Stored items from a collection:
----

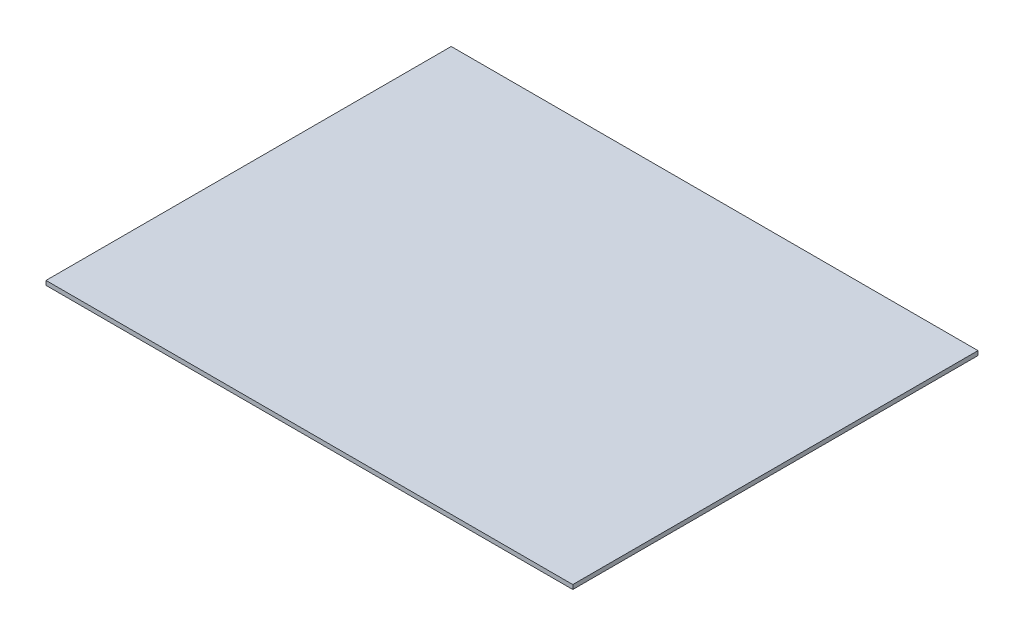
SolidWorks part; units mm, degrees
ref_plane "Front Plane" through (0, 0, 0) normal (0, 0, 1) x (1, 0, 0)
ref_plane "Top Plane" through (0, 0, 0) normal (0, 1, 0) x (1, 0, 0)
ref_plane "Right Plane" through (0, 0, 0) normal (1, 0, 0) x (0, 0, -1)
sketch "Sketch1" plane through (0, 0, 0) normal (0, 0, 1) x (1, 0, 0)
  line L0 (-457.2, 0) -> (457.2, 0) construction
  line L1 (0, -1.016) -> (0, 1.016) construction
  point P5 (0, 0)
  point P9 (0, 0)
  dimension "Width" = 914.4
  dimension "Wire Diameter" = 2.032
sketch "Sketch2" plane through (0, 0, 0) normal (1, 0, 0) x (0, 0, -1)
  line L0 (-152.4, 0) -> (152.4, 0) construction
  point P3 (0, 0)
  dimension "Length" = 304.8
sketch "Sketch3" plane through (0, 0, 0) normal (0, 0, 1) x (1, 0, 0)
  line L1 (-457.2, -1.016) -> (457.2, -1.016)
  line L2 (-457.2, -1.016) -> (-457.2, 1.016)
  line L3 (-457.2, 1.016) -> (457.2, 1.016)
  line L4 (457.2, -1.016) -> (457.2, 1.016)
  line L5 (-457.2, -1.016) -> (457.2, 1.016) construction
  line L6 (-457.2, 1.016) -> (457.2, -1.016) construction
  point P0 (0, 0)
extrude "Boss-Extrude1" add sketch "Sketch3" along normal mid plane 304.8
sketch "Sketch4" plane through (0, 1.016, 0) normal (0, 1, 0) x (1, 0, 0)
  line L1 (-457.2, 152.4) -> (-209.55, 152.4)
  line L2 (-457.2, 152.4) -> (-457.2, -38.1)
  line L3 (-457.2, -38.1) -> (-209.55, -38.1)
  line L4 (-209.55, 152.4) -> (-209.55, -38.1)
  dimension "D1" = 247.65
  dimension "D2" = 190.5
extrude "Cut-Extrude1" cut sketch "Sketch4" against normal through all flip side to cut
equation "\"D1@Boss-Extrude1\"=\"Length@Sketch2\""

----

Task to carry out:
Set down each of the records precisely, leaving any pictures behind.

Answer to this task:
SolidWorks part; units mm, degrees
ref_plane "Front Plane" through (0, 0, 0) normal (0, 0, 1) x (1, 0, 0)
ref_plane "Top Plane" through (0, 0, 0) normal (0, 1, 0) x (1, 0, 0)
ref_plane "Right Plane" through (0, 0, 0) normal (1, 0, 0) x (0, 0, -1)
sketch "Sketch1" plane through (0, 0, 0) normal (0, 0, 1) x (1, 0, 0)
  line L0 (-457.2, 0) -> (457.2, 0) construction
  line L1 (0, -1.016) -> (0, 1.016) construction
  point P5 (0, 0)
  point P9 (0, 0)
  dimension "Width" = 914.4
  dimension "Wire Diameter" = 2.032
sketch "Sketch2" plane through (0, 0, 0) normal (1, 0, 0) x (0, 0, -1)
  line L0 (-152.4, 0) -> (152.4, 0) construction
  point P3 (0, 0)
  dimension "Length" = 304.8
sketch "Sketch3" plane through (0, 0, 0) normal (0, 0, 1) x (1, 0, 0)
  line L1 (-457.2, -1.016) -> (457.2, -1.016)
  line L2 (-457.2, -1.016) -> (-457.2, 1.016)
  line L3 (-457.2, 1.016) -> (457.2, 1.016)
  line L4 (457.2, -1.016) -> (457.2, 1.016)
  line L5 (-457.2, -1.016) -> (457.2, 1.016) construction
  line L6 (-457.2, 1.016) -> (457.2, -1.016) construction
  point P0 (0, 0)
extrude "Boss-Extrude1" add sketch "Sketch3" along normal mid plane 304.8
sketch "Sketch4" plane through (0, 1.016, 0) normal (0, 1, 0) x (1, 0, 0)
  line L1 (-457.2, 152.4) -> (-209.55, 152.4)
  line L2 (-457.2, 152.4) -> (-457.2, -38.1)
  line L3 (-457.2, -38.1) -> (-209.55, -38.1)
  line L4 (-209.55, 152.4) -> (-209.55, -38.1)
  dimension "D1" = 247.65
  dimension "D2" = 190.5
extrude "Cut-Extrude1" cut sketch "Sketch4" against normal through all flip side to cut
equation "\"D1@Boss-Extrude1\"=\"Length@Sketch2\""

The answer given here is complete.